The former Isthmus writer graduated from Verona High School in 2002 before relocating to New York City to attend Barnard College. In 2005, during her senior year, she scored an unpaid internship — save a free Metrocard — fact-checking, pulling clothes for photo shoots and contributing articles to the Daily Candy, a now-defunct, then-pioneering style site and e-newsletter. After her formative years in tie-dye and Birkenstocks, she idolized the trendy chic female employees who gave her a quick lesson in professional dynamics from an office in SoHo.
A Lady’s Guide to Selling Out, Franson says, is a bildungswoman — a female take on the bildungsroman, a novel built around a young protagonist coming into his own. Released in April on the Dial Press Hardcover imprint, The Lady’s Guide is narrated by Minneapolis ad agency employee and condo dweller Casey Pendergast. The effusive 20-something is working in an office full of women as her relationship with her best friend from college, an unconfident and starving artist/author, seems to be nearing its final chapter.
Casey is smug, yet on guard, about her protégé relationship with the ad agency’s director, a woman reminiscent of Meryl Streep’s character in The Devil Wears Prada.
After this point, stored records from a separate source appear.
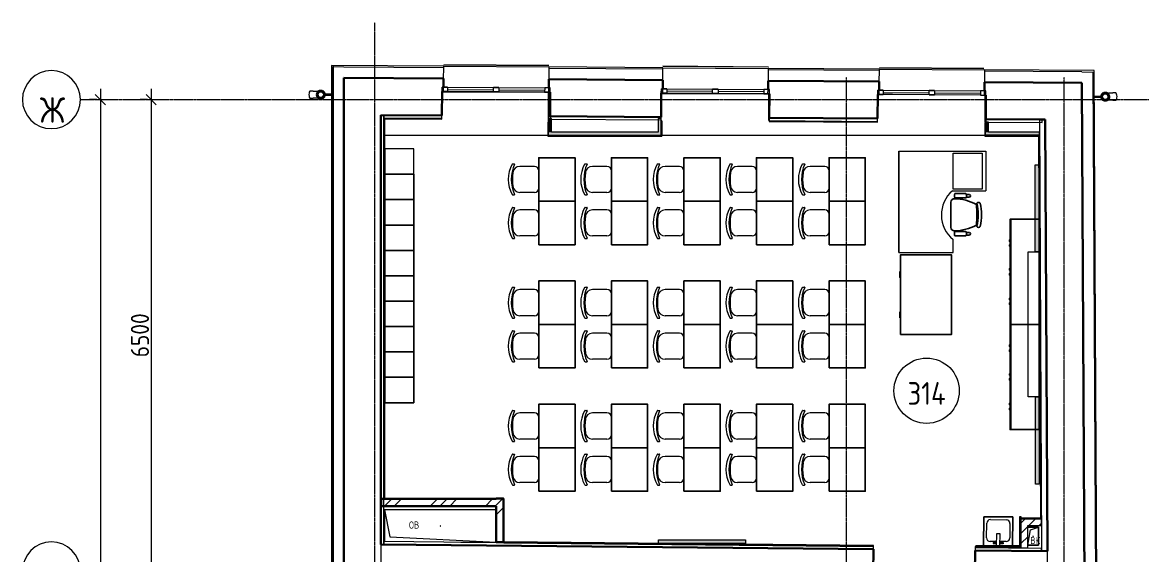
# Model space of a CAD drawing. Header units: millimetres. Extents: x -42533 to 645315, y 3457 to 82611.
# Drawn here: x 269187 to 284626, y 63233 to 70585 of the extents above; entities that cross this region are included whole.
import ezdxf

# ---------------------------------------------------------------- set-up
doc = ezdxf.new("R2010")
doc.units = ezdxf.units.MM
doc.linetypes.add('ADSK_Линия сетки', pattern=[25, 20, -2.5, 0, -2.5])
for name, color, linetype, lineweight in [('_ Окна', 7, 'Continuous', 9), ('Аннотация', 7, 'Continuous', 18), ('Обобщенные модели', 7, 'Continuous', 18), ('Окна', 7, 'Continuous', 9), ('Оси', 253, 'Continuous', 9), ('Перекрытие', 7, 'Continuous', 18), ('Размеры', 7, 'Continuous', 9), ('Сантехника', 7, 'Continuous', 18), ('Стены внутренние', 7, 'Continuous', 18), ('Стены наружные', 7, 'Continuous', 18), ('Стены несущие', 7, 'Continuous', 30), ('Стены отделка', 7, 'Continuous', 30), ('Стены штриховка', 7, 'Continuous', 9), ('ТХ', 5, 'Continuous', 0), ('ШТРИХОВКА', 252, 'Continuous', 15)]:
    doc.layers.add(name, color=color, linetype=linetype, lineweight=lineweight)
doc.layers.add('Линии', color=7, linetype='Continuous', lineweight=9, true_color=0x00a600)
doc.layers.add('ЭОМ_Лотки рабочие', color=5, linetype='Continuous')
doc.styles.add('GOST Common', font='GOST_Common.ttf', dxfattribs={"width": 0.9, "height": 350})
doc.styles.add('GOST Common_1', font='GOST_Common.ttf', dxfattribs={"width": 0.9, "height": 250})
doc.styles.add('GOST Common_4', font='GOST_Common.ttf', dxfattribs={"width": 0.9, "height": 200})
doc.dimstyles.new('ADSK_Основной_2_5_мм', dxfattribs={"dimscale": 304.8, "dimtxt": 251.428749, "dimasz": 0.463911, "dimexe": 0.492126, "dimexo": 0.492126, "dimgap": 0.098425, "dimtad": 1, "dimrnd": 0.01, "dimdsep": 46, "dimtxsty": 'GOST Common_1', "dimblk1": 'OBLIQUE', "dimblk2": 'OBLIQUE', "dimsah": 1, "dimcen": 0.09, "dimdle": 0.492126, "dimazin": 2, "dimtfac": 1, "dimtdec": 4, "dimtix": 1, "dimtmove": 0, "dimatfit": 3, "dimfxl": 1, "dimtvp": 1, "dimtolj": 1, "dimtzin": 0, "dimlwd": 20, "dimlwe": 20, "dimarcsym": 2})
pattern_1 = [(45, (507.34, 158.9), (-70.71068, 70.71068), [])]
pattern_2 = [(45, (507.34, 158.9), (-381.661, 381.661), []), (45, (642.3, 158.9), (0, 763.322), []), (45, (372.4, 158.9), (0, 763.322), [])]

# ---------------------------------------------------------------- blocks, each defined once
blk = doc.blocks.new('_Oblique')
at = {"color": 0, "linetype": 'ByBlock', "lineweight": -2}
blk.add_line((-0.5, -0.5), (0.5, 0.5), dxfattribs=at)
blk = doc.blocks.new('*D1119')
at = {"layer": 'Defpoints', "color": 0, "transparency": 16777216}
for p in [(-9677, 43204), (-9777, 154), (-9677, 154)]:
    blk.add_point(p, dxfattribs=at)
at = {"layer": 'Размеры', "color": 0, "lineweight": 20, "transparency": 16777216}
for p, q in [((-9777, 43354), (-9777, 4)), ((-9827, 43204), (-9927, 43204)), ((-9827, 154), (-9927, 154))]:
    blk.add_line(p, q, dxfattribs=at)
at = {"layer": 'Размеры', "color": 0, "lineweight": 20, "transparency": 16777216, "xscale": 141.4, "yscale": 141.4, "zscale": 141.4}
for p, rotation in [((-9777, 43204), 90), ((-9777, 154), 270)]:
    blk.add_blockref('_Oblique', p, dxfattribs=dict(at, rotation=rotation))
at = {"layer": 'Размеры', "color": 0, "lineweight": 20, "transparency": 16777216, "insert": (-9932, 21679), "char_height": 250, "width": 971.62, "attachment_point": 5, "rotation": 90, "style": 'GOST Common_1'}
blk.add_mtext('\\A1;43050', dxfattribs=at)
blk = doc.blocks.new('*D1120')
at = {"layer": 'Defpoints', "color": 0, "transparency": 16777216}
for p in [(-8977, 43204), (-9077, 36704), (-8977, 36704)]:
    blk.add_point(p, dxfattribs=at)
at = {"layer": 'Размеры', "color": 0, "lineweight": 20, "transparency": 16777216}
for p, q in [((-9077, 43354), (-9077, 36554)), ((-9127, 43204), (-9227, 43204)), ((-9127, 36704), (-9227, 36704))]:
    blk.add_line(p, q, dxfattribs=at)
at = {"layer": 'Размеры', "color": 0, "lineweight": 20, "transparency": 16777216, "xscale": 141.4, "yscale": 141.4, "zscale": 141.4}
for p, rotation in [((-9077, 43204), 90), ((-9077, 36704), 270)]:
    blk.add_blockref('_Oblique', p, dxfattribs=dict(at, rotation=rotation))
at = {"layer": 'Размеры', "color": 0, "lineweight": 20, "transparency": 16777216, "insert": (-9232, 39954), "char_height": 250, "width": 756.84, "attachment_point": 5, "rotation": 90, "style": 'GOST Common_1'}
blk.add_mtext('\\A1;6500', dxfattribs=at)
blk = doc.blocks.new('Стул ученич штабелир №5-7')
at = {"color": 0, "linetype": 'ByBlock', "lineweight": -2}
for p, q in [((-120, 0), (120, 0)), ((-120, 0), (120, 0)), ((-180, -60), (-180, -260)), ((-180, -60), (-180, -260)), ((180, -60), (180, -260)), ((180, -60), (180, -260)), ((-213, -359), (-213, -337)), ((-213, -359), (-213, -337)), ((214, -359), (214, -337)), ((214, -359), (214, -337))]:
    blk.add_line(p, q, dxfattribs=at)
for centre, radius, start, end in [((-120, -60), 60, 90, 180), ((-120, -60), 60, 90, 180), ((120, -60), 60, 0, 90), ((120, -60), 60, 0, 90), ((-80, -260), 100, 180, 264.2584), ((-80, -260), 100, 180, 264.2584), ((80, -260), 100, 275.7416, 0), ((80, -260), 100, 275.7416, 0), ((-210, -337), 3, 63.8978, 180), ((-210, -337), 3, 63.8978, 180), ((-203, -359), 10, 180, 238.0683), ((-203, -359), 10, 180, 238.0683), ((0, 142), 521, 246.3195, 293.6805), ((0, 142), 521, 246.3195, 293.6805), ((0, 9), 431, 240.9917, 299.0083), ((0, 9), 431, 240.9917, 299.0083), ((0, 436), 800, 263.247, 276.753), ((0, 436), 800, 263.247, 276.753), ((211, -337), 3, 0, 116.1022), ((211, -337), 3, 0, 116.1022), ((204, -359), 10, 301.9317, 0), ((204, -359), 10, 301.9317, 0)]:
    blk.add_arc(centre, radius, start, end, dxfattribs=at)
blk = doc.blocks.new('ТХ 3 этаж')
at = {"lineweight": 0}
h = blk.add_hatch(color=8, dxfattribs=at)
h.dxf.hatch_style = 1
h.paths.add_polyline_path([(10166, 40985), (10116, 40985), (10116, 42185), (10166, 42185)])
h = blk.add_hatch(color=8, dxfattribs=at)
h.dxf.hatch_style = 1
h.paths.add_polyline_path([(10172, 37785), (10122, 37785), (10122, 38985), (10172, 38985)])
h = blk.add_hatch(color=8, dxfattribs=at)
h.dxf.hatch_style = 1
h.paths.add_polyline_path([(6126, 37016), (6126, 36966), (4926, 36966), (4926, 37016)])
at = {"color": 8, "linetype": 'Continuous', "lineweight": 5}
for p, q in [((8237, 40976), (8237, 42376)), ((8237, 42376), (8237, 40976)), ((8237, 42376), (9437, 42376)), ((9437, 42376), (9437, 41828)), ((8976, 41828), (9437, 41828)), ((8987, 40976), (8987, 41156)), ((8237, 40976), (8987, 40976)), ((8237, 40976), (8987, 40976))]:
    blk.add_line(p, q, dxfattribs=at)
at = {"color": 8, "linetype": 'Continuous'}
for p, q in [((9163, 41789), (9012, 41789)), ((9163, 41729), (9012, 41729)), ((9214, 41777), (9169, 41777)), ((9214, 41740), (9169, 41740)), ((8955, 41672), (8955, 41322)), ((9783, 41435), (9783, 39985)), ((9163, 41266), (9012, 41266)), ((9214, 41254), (9169, 41254)), ((9163, 41206), (9012, 41206)), ((9214, 41218), (9169, 41218)), ((9783, 39985), (9783, 38535))]:
    blk.add_line(p, q, dxfattribs=at)
at = {"color": 8, "linetype": 'Continuous', "lineweight": 5}
for points in [[(9386, 42349), (9386, 41849), (8986, 41849), (8986, 42349)], [(10022, 38985), (10022, 40985), (10172, 40985), (10172, 38985)]]:
    blk.add_lwpolyline(points, close=True, dxfattribs=at)
at = {"color": 8}
for points in [[(3276, 41685), (3276, 42285), (3776, 42285), (3776, 41685)], [(4276, 41685), (4276, 42285), (4776, 42285), (4776, 41685)], [(5276, 41685), (5276, 42285), (5776, 42285), (5776, 41685)], [(6276, 41685), (6276, 42285), (6776, 42285), (6776, 41685)], [(7276, 41685), (7276, 42285), (7776, 42285), (7776, 41685)], [(3276, 41085), (3276, 41685), (3776, 41685), (3776, 41085)], [(4276, 41085), (4276, 41685), (4776, 41685), (4776, 41085)], [(5276, 41085), (5276, 41685), (5776, 41685), (5776, 41085)], [(6276, 41085), (6276, 41685), (6776, 41685), (6776, 41085)], [(7276, 41085), (7276, 41685), (7776, 41685), (7776, 41085)], [(3276, 39985), (3276, 40585), (3776, 40585), (3776, 39985)], [(4276, 39985), (4276, 40585), (4776, 40585), (4776, 39985)], [(5276, 39985), (5276, 40585), (5776, 40585), (5776, 39985)], [(6276, 39985), (6276, 40585), (6776, 40585), (6776, 39985)], [(7276, 39985), (7276, 40585), (7776, 40585), (7776, 39985)], [(3276, 39385), (3276, 39985), (3776, 39985), (3776, 39385)], [(4276, 39385), (4276, 39985), (4776, 39985), (4776, 39385)], [(5276, 39385), (5276, 39985), (5776, 39985), (5776, 39385)], [(6276, 39385), (6276, 39985), (6776, 39985), (6776, 39385)], [(7276, 39385), (7276, 39985), (7776, 39985), (7776, 39385)], [(3276, 38285), (3276, 38885), (3776, 38885), (3776, 38285)], [(4276, 38285), (4276, 38885), (4776, 38885), (4776, 38285)], [(5276, 38285), (5276, 38885), (5776, 38885), (5776, 38285)], [(6276, 38285), (6276, 38885), (6776, 38885), (6776, 38285)], [(7276, 38285), (7276, 38885), (7776, 38885), (7776, 38285)], [(3276, 37685), (3276, 38285), (3776, 38285), (3776, 37685)], [(4276, 37685), (4276, 38285), (4776, 38285), (4776, 37685)], [(5276, 37685), (5276, 38285), (5776, 38285), (5776, 37685)], [(6276, 37685), (6276, 38285), (6776, 38285), (6776, 37685)], [(7276, 37685), (7276, 38285), (7776, 38285), (7776, 37685)]]:
    blk.add_lwpolyline(points, close=True, dxfattribs=at)
at = {"color": 8, "lineweight": 0}
for points in [[(10166, 40985), (10116, 40985), (10116, 42185), (10166, 42185), (10166, 40985)], [(10172, 37785), (10122, 37785), (10122, 38985), (10172, 38985), (10172, 37785)], [(6126, 37016), (6126, 36966), (4926, 36966), (4926, 37016), (6126, 37016)]]:
    blk.add_lwpolyline(points, dxfattribs=at)
at = {"color": 8}
for points in [[(1552, 41706), (1552, 42056), (1152, 42056), (1152, 41706), (1552, 41706)], [(1552, 41356), (1552, 41706), (1152, 41706), (1152, 41356), (1552, 41356)], [(1552, 41006), (1552, 41356), (1152, 41356), (1152, 41006), (1552, 41006)], [(1552, 40656), (1552, 41006), (1152, 41006), (1152, 40656), (1552, 40656)], [(1552, 40306), (1552, 40656), (1152, 40656), (1152, 40306), (1552, 40306)], [(1552, 39956), (1552, 40306), (1152, 40306), (1152, 39956), (1552, 39956)], [(1552, 39606), (1552, 39956), (1152, 39956), (1152, 39606), (1552, 39606)], [(1552, 39256), (1552, 39606), (1152, 39606), (1152, 39256), (1552, 39256)], [(1552, 38906), (1552, 39256), (1152, 39256), (1152, 38906), (1552, 38906)]]:
    blk.add_lwpolyline(points, dxfattribs=at)
at = {"color": 8, "linetype": 'Continuous'}
for points in [[(10171, 41435), (9771, 41435), (9771, 39985), (10171, 39985)], [(9771, 41133), (9771, 41151), (9761, 41151), (9761, 41133)], [(9771, 41066), (9771, 41083), (9761, 41083), (9761, 41066)], [(8262, 39846), (8262, 40946), (8962, 40946), (8962, 39846)], [(9771, 40736), (9771, 40754), (9761, 40754), (9761, 40736)], [(9771, 40669), (9771, 40686), (9761, 40686), (9761, 40669)], [(9771, 40329), (9771, 40347), (9761, 40347), (9761, 40329)], [(9771, 40262), (9771, 40279), (9761, 40279), (9761, 40262)], [(10171, 39985), (9771, 39985), (9771, 38535), (10171, 38535)], [(9771, 39683), (9771, 39701), (9761, 39701), (9761, 39683)], [(9771, 39616), (9771, 39633), (9761, 39633), (9761, 39616)], [(9771, 39286), (9771, 39304), (9761, 39304), (9761, 39286)], [(9771, 39219), (9771, 39236), (9761, 39236), (9761, 39219)], [(9771, 38879), (9771, 38897), (9761, 38897), (9761, 38879)], [(9771, 38812), (9771, 38829), (9761, 38829), (9761, 38812)]]:
    blk.add_lwpolyline(points, close=True, dxfattribs=at)
for points in [[(8262, 40632), (8253, 40632), (8253, 40714), (8262, 40714)], [(8262, 40159), (8253, 40159), (8253, 40077), (8262, 40077)]]:
    blk.add_lwpolyline(points, dxfattribs=at)
at = {"color": 8, "linetype": 'Continuous', "lineweight": 5}
blk.add_arc((9261, 41497), 437, 130.7633, 231.1101, dxfattribs=at)
at = {"color": 8, "linetype": 'Continuous'}
for centre, radius, start, end in [((9001, 41673), 45.4, 87.8135, 180.7479), ((9062, 41759), 58.4, 148.951, 211.0488), ((9004, 41094), 624, 60.9068, 90.1215), ((9113, 41759), 58.4, 328.951, 31.0488), ((9206, 41758), 20.2, 294.8955, 65.3354), ((7551, 41497), 1762, 355.3938, 4.6546), ((9337, 41641), 28.1, 34.2915, 145.7083), ((8583, 41497), 748, 347.602, 12.3978), ((8630, 41497), 748, 347.602, 12.3978), ((9001, 41322), 45.4, 179.2519, 272.1866), ((9004, 41901), 624, 269.878, 299.1059), ((9062, 41236), 58.4, 148.951, 211.0488), ((9113, 41236), 58.4, 328.951, 31.0488), ((9206, 41236), 20.2, 294.8955, 65.3354), ((9337, 41352), 28.1, 214.2901, 325.7096)]:
    blk.add_arc(centre, radius, start, end, dxfattribs=at)
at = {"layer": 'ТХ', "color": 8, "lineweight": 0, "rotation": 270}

Meanwhile, her secretary is plotting to steal Casey’s job. When Casey is tasked with convincing authors to contract communications — social media, web copy, etc. — for out-of-favor brands, she begins to question her own scruples. At the same time, she starts dating her first client.
“The book is about my understanding of office culture and mean-girl culture — women who are trading power with each other and looking for power, [some who] don’t have any power,” Franson says. She also wanted to feature bold characters who contrast with female protagonists in modern books, whom she noticed were often anxious and depressed.
“On TV, I was seeing all of these amazing characters come out — Broad City, Amy Poehler — these women being lewd, brash, kind of sloppy,” she says.
A Lady’s Guide is, in Franson’s words, “a total beach read” that’s also a product of “her own preoccupation with being an artist when you live in capitalism and what it means to make a living in this system.” The book’s quick turns of phrase, robust vocabulary and enviable repartee support a character who’s growing into her own skin. It takes off at a running pace and never slows, a cadence that will keep even screen junkies intrigued. While it shines with the gloss of Us Weekly, A Ladies’ Guide to Selling Out ingeniously integrates the wisdom of a self-help bestseller.